Total hip arthroplasty (THA) has proved to be effective procedure for reducing pain and improving joint function and is considered one of the greatest surgical achievements of the 20th. The numbers of revision THA procedures performed are on the rise despite technologic developments1). Prior to revision, surgeons should be prepared for what prosthesis types should be used depending on the severity of potential bone defects based on accurate preoperative radiographic measurements. Revision THA still remains highly controversial in terms of choice of devices and surgical procedures in patients with severe acetabular bone defects of Paprosky type III and IV2). To overcome these challenges, a variety of prostheses are being developed. Of these, tantalum metal augments introduced in 1997 possess a higher porosity and coefficient of friction than titanium alloy, and offer good bioactive and biological bond to bone. The high degree of porosity of tantalum metal augments appears to allow for optimal ingrowth, and their roughened surface microtexture provides a scratch fit for better initial stability upon implantation3). This material is increasingly used in revision THA with severe acetabular bone defects and its remarkable bone ingrowth properties have been demonstrated in recent short-term follow-up studies345).

The purpose of this study is to report the clinical and radiographic outcomes of revision THA using tantalum augments in patients with severe acetabular bone defects (Paprosky type III or IV) at a minimum follow-up of 2 years.
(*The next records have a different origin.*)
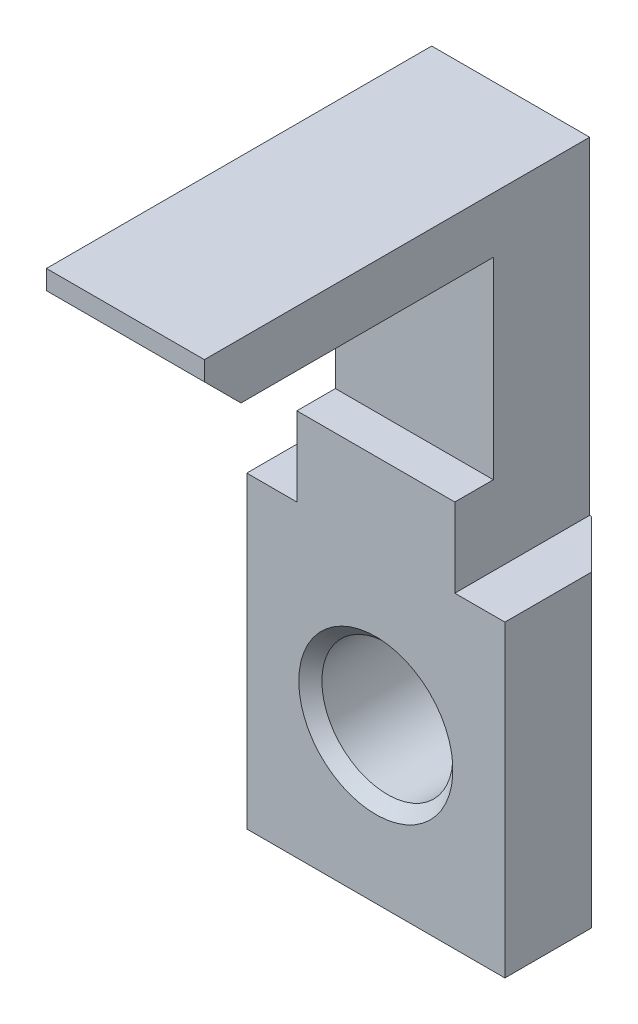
ISO-10303-21;
HEADER;
FILE_DESCRIPTION(('STEP AP214'),'2;1');
FILE_NAME('part.step','',(''),(''),'','','');
FILE_SCHEMA(('AUTOMOTIVE_DESIGN { 1 0 10303 214 1 1 1 1 }'));
ENDSEC;
DATA;
#1=APPLICATION_CONTEXT('core data for automotive mechanical design processes');
#2=APPLICATION_PROTOCOL_DEFINITION('international standard','automotive_design',2000,#1);
#3=PRODUCT_CONTEXT('',#1,'mechanical');
#4=PRODUCT('Part','Part','',(#3));
#5=PRODUCT_RELATED_PRODUCT_CATEGORY('part','',(#4));
#6=PRODUCT_DEFINITION_FORMATION('','',#4);
#7=PRODUCT_DEFINITION_CONTEXT('part definition',#1,'design');
#8=PRODUCT_DEFINITION('design','',#6,#7);
#9=PRODUCT_DEFINITION_SHAPE('','',#8);
#10=(LENGTH_UNIT() NAMED_UNIT(*) SI_UNIT(.MILLI.,.METRE.));
#11=(NAMED_UNIT(*) PLANE_ANGLE_UNIT() SI_UNIT($,.RADIAN.));
#12=(NAMED_UNIT(*) SI_UNIT($,.STERADIAN.) SOLID_ANGLE_UNIT());
#13=UNCERTAINTY_MEASURE_WITH_UNIT(LENGTH_MEASURE(1.E-05),#10,'distance_accuracy_value','');
#14=(GEOMETRIC_REPRESENTATION_CONTEXT(3) GLOBAL_UNCERTAINTY_ASSIGNED_CONTEXT((#13)) GLOBAL_UNIT_ASSIGNED_CONTEXT((#10,
#11,#12)) REPRESENTATION_CONTEXT('',''));
#15=CARTESIAN_POINT('',(0.,0.,0.));
#16=DIRECTION('',(0.,0.,1.));
#17=DIRECTION('',(1.,0.,0.));
#18=AXIS2_PLACEMENT_3D('',#15,#16,#17);
#19=CARTESIAN_POINT('',(1.07675850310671E-06,22.1000000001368,6.50000000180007));
#20=DIRECTION('',(0.,-1.,0.));
#21=DIRECTION('',(0.,0.,-1.));
#22=AXIS2_PLACEMENT_3D('',#19,#20,#21);
#23=CONICAL_SURFACE('',#22,1.99999999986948,0.785398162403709);
#24=CARTESIAN_POINT('',(1.07684172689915E-06,24.1000000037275,6.50000000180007));
#25=VERTEX_POINT('',#24);
#26=VERTEX_LOOP('',#25);
#27=FACE_BOUND('',#26,.T.);
#28=CARTESIAN_POINT('',(1.07675850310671E-06,22.1000000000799,6.50000000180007));
#29=DIRECTION('',(0.,-1.,0.));
#30=DIRECTION('',(0.,0.,-1.));
#31=AXIS2_PLACEMENT_3D('',#28,#29,#30);
#32=CIRCLE('',#31,1.99999999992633);
#33=CARTESIAN_POINT('',(1.07675850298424E-06,22.1000000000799,4.50000000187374));
#34=VERTEX_POINT('',#33);
#35=EDGE_CURVE('E36',#34,#34,#32,.T.);
#36=ORIENTED_EDGE('',*,*,#35,.T.);
#37=EDGE_LOOP('',(#36));
#38=FACE_BOUND('',#37,.T.);
#39=ADVANCED_FACE('F15',(#27,#38),#23,.F.);
#40=CARTESIAN_POINT('',(1.07675850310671E-06,0.,2.04636307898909E-09));
#41=DIRECTION('',(0.,0.,1.));
#42=DIRECTION('',(1.,0.,0.));
#43=AXIS2_PLACEMENT_3D('',#40,#41,#42);
#44=CONICAL_SURFACE('',#43,3.99999999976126,0.785398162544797);
#45=CARTESIAN_POINT('',(1.076758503E-06,0.,-0.599999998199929));
#46=DIRECTION('',(0.,0.,-1.));
#47=DIRECTION('',(-1.,0.,0.));
#48=AXIS2_PLACEMENT_3D('',#45,#46,#47);
#49=CIRCLE('',#48,3.4);
#50=CARTESIAN_POINT('',(-3.39999892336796,0.,-0.599999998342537));
#51=VERTEX_POINT('',#50);
#52=EDGE_CURVE('E242',#51,#51,#49,.T.);
#53=ORIENTED_EDGE('',*,*,#52,.T.);
#54=EDGE_LOOP('',(#53));
#55=FACE_BOUND('',#54,.T.);
#56=CARTESIAN_POINT('',(1.07675850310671E-06,0.,2.04636307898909E-09));
#57=DIRECTION('',(0.,0.,1.));
#58=DIRECTION('',(1.,0.,0.));
#59=AXIS2_PLACEMENT_3D('',#56,#57,#58);
#60=CIRCLE('',#59,3.99999999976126);
#61=CARTESIAN_POINT('',(-3.99999892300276,0.,2.04636307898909E-09));
#62=VERTEX_POINT('',#61);
#63=EDGE_CURVE('E18',#62,#62,#60,.T.);
#64=ORIENTED_EDGE('',*,*,#63,.T.);
#65=EDGE_LOOP('',(#64));
#66=FACE_BOUND('',#65,.T.);
#67=ADVANCED_FACE('F284',(#55,#66),#44,.F.);
#68=CARTESIAN_POINT('',(-6.69999892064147,7.99999999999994,-16.3590585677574));
#69=DIRECTION('',(0.,1.,0.));
#70=DIRECTION('',(0.,0.,1.));
#71=AXIS2_PLACEMENT_3D('',#68,#69,#70);
#72=PLANE('',#71);
#73=DIRECTION('',(0.,0.,1.));
#74=VECTOR('',#73,1.);
#75=CARTESIAN_POINT('',(-6.69999892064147,7.99999999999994,-10.4999999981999));
#76=LINE('',#75,#74);
#77=CARTESIAN_POINT('',(-6.69999892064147,7.99999999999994,1.80006666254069E-09));
#78=VERTEX_POINT('',#77);
#79=CARTESIAN_POINT('',(-6.69999892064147,7.99999999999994,-4.49999999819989));
#80=VERTEX_POINT('',#79);
#81=EDGE_CURVE('E277',#78,#80,#76,.F.);
#82=ORIENTED_EDGE('',*,*,#81,.F.);
#83=DIRECTION('',(-1.,0.,0.));
#84=VECTOR('',#83,1.);
#85=CARTESIAN_POINT('',(-4.09999892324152,7.99999999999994,1.800069E-09));
#86=LINE('',#85,#84);
#87=CARTESIAN_POINT('',(-4.09999892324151,7.99999999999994,1.80006449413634E-09));
#88=VERTEX_POINT('',#87);
#89=EDGE_CURVE('E269',#78,#88,#86,.F.);
#90=ORIENTED_EDGE('',*,*,#89,.T.);
#91=DIRECTION('',(0.,0.,1.));
#92=VECTOR('',#91,1.);
#93=CARTESIAN_POINT('',(-4.09999892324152,7.99999999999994,12.2500000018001));
#94=LINE('',#93,#92);
#95=CARTESIAN_POINT('',(-4.09999892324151,7.99999999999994,-6.99999999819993));
#96=VERTEX_POINT('',#95);
#97=EDGE_CURVE('E240',#96,#88,#94,.T.);
#98=ORIENTED_EDGE('',*,*,#97,.F.);
#99=DIRECTION('',(1.,0.,0.));
#100=VECTOR('',#99,1.);
#101=CARTESIAN_POINT('',(-6.69999892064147,7.99999999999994,-6.99999999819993));
#102=LINE('',#101,#100);
#103=CARTESIAN_POINT('',(-4.1999989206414,7.99999999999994,-6.99999999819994));
#104=VERTEX_POINT('',#103);
#105=EDGE_CURVE('E279',#96,#104,#102,.F.);
#106=ORIENTED_EDGE('',*,*,#105,.T.);
#107=DIRECTION('',(0.707106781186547,0.,-0.707106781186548));
#108=VECTOR('',#107,1.);
#109=CARTESIAN_POINT('',(-7.25749600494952,7.99999999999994,-3.94250291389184));
#110=LINE('',#109,#108);
#111=EDGE_CURVE('E220',#104,#80,#110,.F.);
#112=ORIENTED_EDGE('',*,*,#111,.T.);
#113=EDGE_LOOP('',(#82,#90,#98,#106,#112));
#114=FACE_BOUND('',#113,.T.);
#115=ADVANCED_FACE('F290',(#114),#72,.T.);
#116=CARTESIAN_POINT('',(-6.69999892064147,10.,-10.4999999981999));
#117=DIRECTION('',(-1.,0.,0.));
#118=DIRECTION('',(0.,0.,1.));
#119=AXIS2_PLACEMENT_3D('',#116,#117,#118);
#120=PLANE('',#119);
#121=DIRECTION('',(0.,1.,0.));
#122=VECTOR('',#121,1.);
#123=CARTESIAN_POINT('',(-6.69999892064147,7.74038006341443,-4.49999999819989));
#124=LINE('',#123,#122);
#125=CARTESIAN_POINT('',(-6.69999892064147,-8.,-4.49999999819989));
#126=VERTEX_POINT('',#125);
#127=EDGE_CURVE('E223',#80,#126,#124,.F.);
#128=ORIENTED_EDGE('',*,*,#127,.T.);
#129=DIRECTION('',(0.,0.,-1.));
#130=VECTOR('',#129,1.);
#131=CARTESIAN_POINT('',(-6.69999892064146,-8.,-7.99999999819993));
#132=LINE('',#131,#130);
#133=CARTESIAN_POINT('',(-6.69999892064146,-8.,1.80006888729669E-09));
#134=VERTEX_POINT('',#133);
#135=EDGE_CURVE('E215',#134,#126,#132,.T.);
#136=ORIENTED_EDGE('',*,*,#135,.F.);
#137=DIRECTION('',(0.,1.,0.));
#138=VECTOR('',#137,1.);
#139=CARTESIAN_POINT('',(-6.69999892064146,8.,1.800069E-09));
#140=LINE('',#139,#138);
#141=EDGE_CURVE('E272',#134,#78,#140,.T.);
#142=ORIENTED_EDGE('',*,*,#141,.T.);
#143=ORIENTED_EDGE('',*,*,#81,.T.);
#144=EDGE_LOOP('',(#128,#136,#142,#143));
#145=FACE_BOUND('',#144,.T.);
#146=ADVANCED_FACE('F355',(#145),#120,.T.);
#147=CARTESIAN_POINT('',(6.70000107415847,10.,-10.4999999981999));
#148=DIRECTION('',(-1.,0.,0.));
#149=DIRECTION('',(0.,0.,1.));
#150=AXIS2_PLACEMENT_3D('',#147,#148,#149);
#151=PLANE('',#150);
#152=DIRECTION('',(0.,0.,-1.));
#153=VECTOR('',#152,1.);
#154=CARTESIAN_POINT('',(6.70000107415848,-8.,-7.99999999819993));
#155=LINE('',#154,#153);
#156=CARTESIAN_POINT('',(6.70000107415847,-8.,-4.49999999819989));
#157=VERTEX_POINT('',#156);
#158=CARTESIAN_POINT('',(6.70000107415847,-8.,1.80006888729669E-09));
#159=VERTEX_POINT('',#158);
#160=EDGE_CURVE('E210',#157,#159,#155,.F.);
#161=ORIENTED_EDGE('',*,*,#160,.F.);
#162=DIRECTION('',(0.,1.,0.));
#163=VECTOR('',#162,1.);
#164=CARTESIAN_POINT('',(6.70000107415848,7.74038006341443,-4.4999999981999));
#165=LINE('',#164,#163);
#166=CARTESIAN_POINT('',(6.70000107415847,7.99999999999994,-4.49999999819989));
#167=VERTEX_POINT('',#166);
#168=EDGE_CURVE('E205',#167,#157,#165,.F.);
#169=ORIENTED_EDGE('',*,*,#168,.F.);
#170=DIRECTION('',(0.,0.,-1.));
#171=VECTOR('',#170,1.);
#172=CARTESIAN_POINT('',(6.70000107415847,7.99999999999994,-16.3590585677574));
#173=LINE('',#172,#171);
#174=CARTESIAN_POINT('',(6.70000107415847,7.99999999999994,1.80006666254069E-09));
#175=VERTEX_POINT('',#174);
#176=EDGE_CURVE('E253',#167,#175,#173,.F.);
#177=ORIENTED_EDGE('',*,*,#176,.T.);
#178=DIRECTION('',(0.,1.,0.));
#179=VECTOR('',#178,1.);
#180=CARTESIAN_POINT('',(6.70000107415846,8.,1.800069E-09));
#181=LINE('',#180,#179);
#182=EDGE_CURVE('E275',#175,#159,#181,.F.);
#183=ORIENTED_EDGE('',*,*,#182,.T.);
#184=EDGE_LOOP('',(#161,#169,#177,#183));
#185=FACE_BOUND('',#184,.T.);
#186=ADVANCED_FACE('F352',(#185),#151,.F.);
#187=CARTESIAN_POINT('',(-4.09999892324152,8.,1.800069E-09));
#188=DIRECTION('',(0.,0.,-1.));
#189=DIRECTION('',(-1.,0.,0.));
#190=AXIS2_PLACEMENT_3D('',#187,#188,#189);
#191=PLANE('',#190);
#192=ORIENTED_EDGE('',*,*,#63,.F.);
#193=EDGE_LOOP('',(#192));
#194=FACE_BOUND('',#193,.T.);
#195=DIRECTION('',(1.,0.,0.));
#196=VECTOR('',#195,1.);
#197=CARTESIAN_POINT('',(6.1944365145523,12.1,1.80006920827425E-09));
#198=LINE('',#197,#196);
#199=CARTESIAN_POINT('',(-4.09999892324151,12.1,1.80006899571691E-09));
#200=VERTEX_POINT('',#199);
#201=CARTESIAN_POINT('',(4.10000107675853,12.1,1.80006899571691E-09));
#202=VERTEX_POINT('',#201);
#203=EDGE_CURVE('E267',#200,#202,#198,.T.);
#204=ORIENTED_EDGE('',*,*,#203,.F.);
#205=DIRECTION('',(0.,1.,0.));
#206=VECTOR('',#205,1.);
#207=CARTESIAN_POINT('',(-4.09999892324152,24.6666666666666,1.80006877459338E-09));
#208=LINE('',#207,#206);
#209=EDGE_CURVE('E238',#88,#200,#208,.T.);
#210=ORIENTED_EDGE('',*,*,#209,.F.);
#211=ORIENTED_EDGE('',*,*,#89,.F.);
#212=ORIENTED_EDGE('',*,*,#141,.F.);
#213=DIRECTION('',(1.,0.,0.));
#214=VECTOR('',#213,1.);
#215=CARTESIAN_POINT('',(6.70000107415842,-8.,1.80006877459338E-09));
#216=LINE('',#215,#214);
#217=EDGE_CURVE('E217',#159,#134,#216,.F.);
#218=ORIENTED_EDGE('',*,*,#217,.F.);
#219=ORIENTED_EDGE('',*,*,#182,.F.);
#220=DIRECTION('',(1.,0.,0.));
#221=VECTOR('',#220,1.);
#222=CARTESIAN_POINT('',(6.70000107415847,7.99999999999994,1.800060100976E-09));
#223=LINE('',#222,#221);
#224=CARTESIAN_POINT('',(4.10000107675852,7.99999999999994,1.80006671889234E-09));
#225=VERTEX_POINT('',#224);
#226=EDGE_CURVE('E250',#175,#225,#223,.F.);
#227=ORIENTED_EDGE('',*,*,#226,.T.);
#228=DIRECTION('',(0.,1.,0.));
#229=VECTOR('',#228,1.);
#230=CARTESIAN_POINT('',(4.10000107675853,24.6666666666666,1.80006877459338E-09));
#231=LINE('',#230,#229);
#232=EDGE_CURVE('E200',#225,#202,#231,.T.);
#233=ORIENTED_EDGE('',*,*,#232,.T.);
#234=EDGE_LOOP('',(#204,#210,#211,#212,#218,#219,#227,#233));
#235=FACE_BOUND('',#234,.T.);
#236=ADVANCED_FACE('F348',(#194,#235),#191,.F.);
#237=CARTESIAN_POINT('',(6.1944365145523,12.1,-1.99999999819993));
#238=DIRECTION('',(0.,1.,0.));
#239=DIRECTION('',(0.,0.,1.));
#240=AXIS2_PLACEMENT_3D('',#237,#238,#239);
#241=PLANE('',#240);
#242=DIRECTION('',(1.,0.,0.));
#243=VECTOR('',#242,1.);
#244=CARTESIAN_POINT('',(6.1944365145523,12.1,-1.99999999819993));
#245=LINE('',#244,#243);
#246=CARTESIAN_POINT('',(-4.09999892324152,12.1,-1.99999999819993));
#247=VERTEX_POINT('',#246);
#248=CARTESIAN_POINT('',(4.10000107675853,12.1,-1.99999999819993));
#249=VERTEX_POINT('',#248);
#250=EDGE_CURVE('E265',#247,#249,#245,.T.);
#251=ORIENTED_EDGE('',*,*,#250,.F.);
#252=DIRECTION('',(0.,0.,1.));
#253=VECTOR('',#252,1.);
#254=CARTESIAN_POINT('',(-4.09999892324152,12.1,12.2500000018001));
#255=LINE('',#254,#253);
#256=EDGE_CURVE('E236',#200,#247,#255,.F.);
#257=ORIENTED_EDGE('',*,*,#256,.F.);
#258=ORIENTED_EDGE('',*,*,#203,.T.);
#259=DIRECTION('',(0.,0.,1.));
#260=VECTOR('',#259,1.);
#261=CARTESIAN_POINT('',(4.10000107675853,12.1,12.2500000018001));
#262=LINE('',#261,#260);
#263=EDGE_CURVE('E197',#202,#249,#262,.F.);
#264=ORIENTED_EDGE('',*,*,#263,.T.);
#265=EDGE_LOOP('',(#251,#257,#258,#264));
#266=FACE_BOUND('',#265,.T.);
#267=ADVANCED_FACE('F344',(#266),#241,.T.);
#268=CARTESIAN_POINT('',(6.1944365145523,20.5,-1.99999999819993));
#269=DIRECTION('',(0.,0.,1.));
#270=DIRECTION('',(1.,0.,0.));
#271=AXIS2_PLACEMENT_3D('',#268,#269,#270);
#272=PLANE('',#271);
#273=DIRECTION('',(1.,0.,0.));
#274=VECTOR('',#273,1.);
#275=CARTESIAN_POINT('',(-2.67199606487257,22.1,-1.99999999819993));
#276=LINE('',#275,#274);
#277=CARTESIAN_POINT('',(4.10000107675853,22.1,-1.99999999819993));
#278=VERTEX_POINT('',#277);
#279=CARTESIAN_POINT('',(-4.09999892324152,22.1,-1.99999999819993));
#280=VERTEX_POINT('',#279);
#281=EDGE_CURVE('E262',#278,#280,#276,.F.);
#282=ORIENTED_EDGE('',*,*,#281,.T.);
#283=DIRECTION('',(0.,1.,0.));
#284=VECTOR('',#283,1.);
#285=CARTESIAN_POINT('',(-4.09999892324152,24.6666666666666,-1.99999999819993));
#286=LINE('',#285,#284);
#287=EDGE_CURVE('E234',#247,#280,#286,.T.);
#288=ORIENTED_EDGE('',*,*,#287,.F.);
#289=ORIENTED_EDGE('',*,*,#250,.T.);
#290=DIRECTION('',(0.,1.,0.));
#291=VECTOR('',#290,1.);
#292=CARTESIAN_POINT('',(4.10000107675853,24.6666666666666,-1.99999999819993));
#293=LINE('',#292,#291);
#294=EDGE_CURVE('E194',#249,#278,#293,.T.);
#295=ORIENTED_EDGE('',*,*,#294,.T.);
#296=EDGE_LOOP('',(#282,#288,#289,#295));
#297=FACE_BOUND('',#296,.T.);
#298=ADVANCED_FACE('F341',(#297),#272,.T.);
#299=CARTESIAN_POINT('',(-2.67199606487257,22.1,10.6316969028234));
#300=DIRECTION('',(0.,1.,0.));
#301=DIRECTION('',(0.,0.,1.));
#302=AXIS2_PLACEMENT_3D('',#299,#300,#301);
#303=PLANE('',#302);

This study was performed after receiving an approval from the institutional review board of Samsung Medical Center (SMC 2016-02-093-002, Seoul, Korea). Of the 16 patients who underwent revision THA using tantalum augments, a total of 15 were retrospectively reviewed from June 2010 to December 2013 after excluding one patient who was lost because of a lack of follow-up. The severity of acetabular bone defects was evaluated preoperatively and categorized according to the Paprosky classification using X-rays and computed tomography scans2). Acetabular bone defects were Paprosky type IIIA in 7 hips, type IIIB in 7, and type IV in 1. The initial diagnosis was avascular necrosis of the femoral head in 6 hips, hip fractures in 3, sequelae of hip tuberculosis in 1, rheumatoid arthritis in 1, developmental dysplasia of hip in 1, and unknown cause in 3. The causes of revision surgery were aseptic loosening in 12 hips and deep infection in 3. Revisions were first in 1, second in 3, and third in 11. There were 6 men and 9 women with a mean age of 59 years (range, 48-75 years). Mean follow-up was 29 months (range, 24-48 months) (Table 1).

All operations were performed by a single surgeon using a posterolateral approach in 13 hips and anterolateral approach in 2. Previous acetabular components were removed, and then 1-2 tantalum augments were used based on the depth and size of the defect region after acetabular reaming using an acetabular reamer. Trabecular Metal™ augments (Zimmer, Warsaw, IN, USA) were used in all hips. The tantalum augment was fixed to fully intact acetabular bone with screws and fixed to the Trabecular Metal™ acetabular cup (Zimmer) with cement. In cases of osteolysis around the femoral stem on preoperative radiographs and intraoperative findings of instability, a femoral stem revision was performed together. Acetabular revision was done in 5 hips with concurrent femoral stem revision and 10 hips without. The bearing surfaces used were ceramic-on-ceramic in 5 hips and metal-on-polyethylene in 10. The femoral head sizes were 36 mm in 10 hips and 28 mm in 5.

Clinical and radiographic evaluations were performed preoperatively and at 6 weeks, 3 months, 6 months, and 1 year postoperatively, and then annually. Clinical evaluations were performed using the Harris hip-scoring system6). Radiographic analyses were performed using standardized anteroposterior and lateral radiographs of affected hips taken postoperatively, during hospitalization, and at each follow-up visit. All radiographs were digitized using PathSpeed software (General Electric Inc., Milwaukee, WI, USA) and reviewed by a single independent observer, who did not participate in clinical care. Radiolucent lines of >2 mm around the acetabular component were identified and assigned to one of the 3 zones described by DeLee and Charnley7). Acetabular cup loosening was defined as one of the following: i) any progression of radiolucent lines, ii) acetabular screw breakage, or iii) >2 mm of acetabular cup migration and a change in cup inclination angle of >4° degrees8). To evaluate the restoration of the hip joint center following the index revision THA, we measured the vertical shifts of the postoperative center of femoral head from the estimated center of femoral head referring to the contralateral intact hip joint9).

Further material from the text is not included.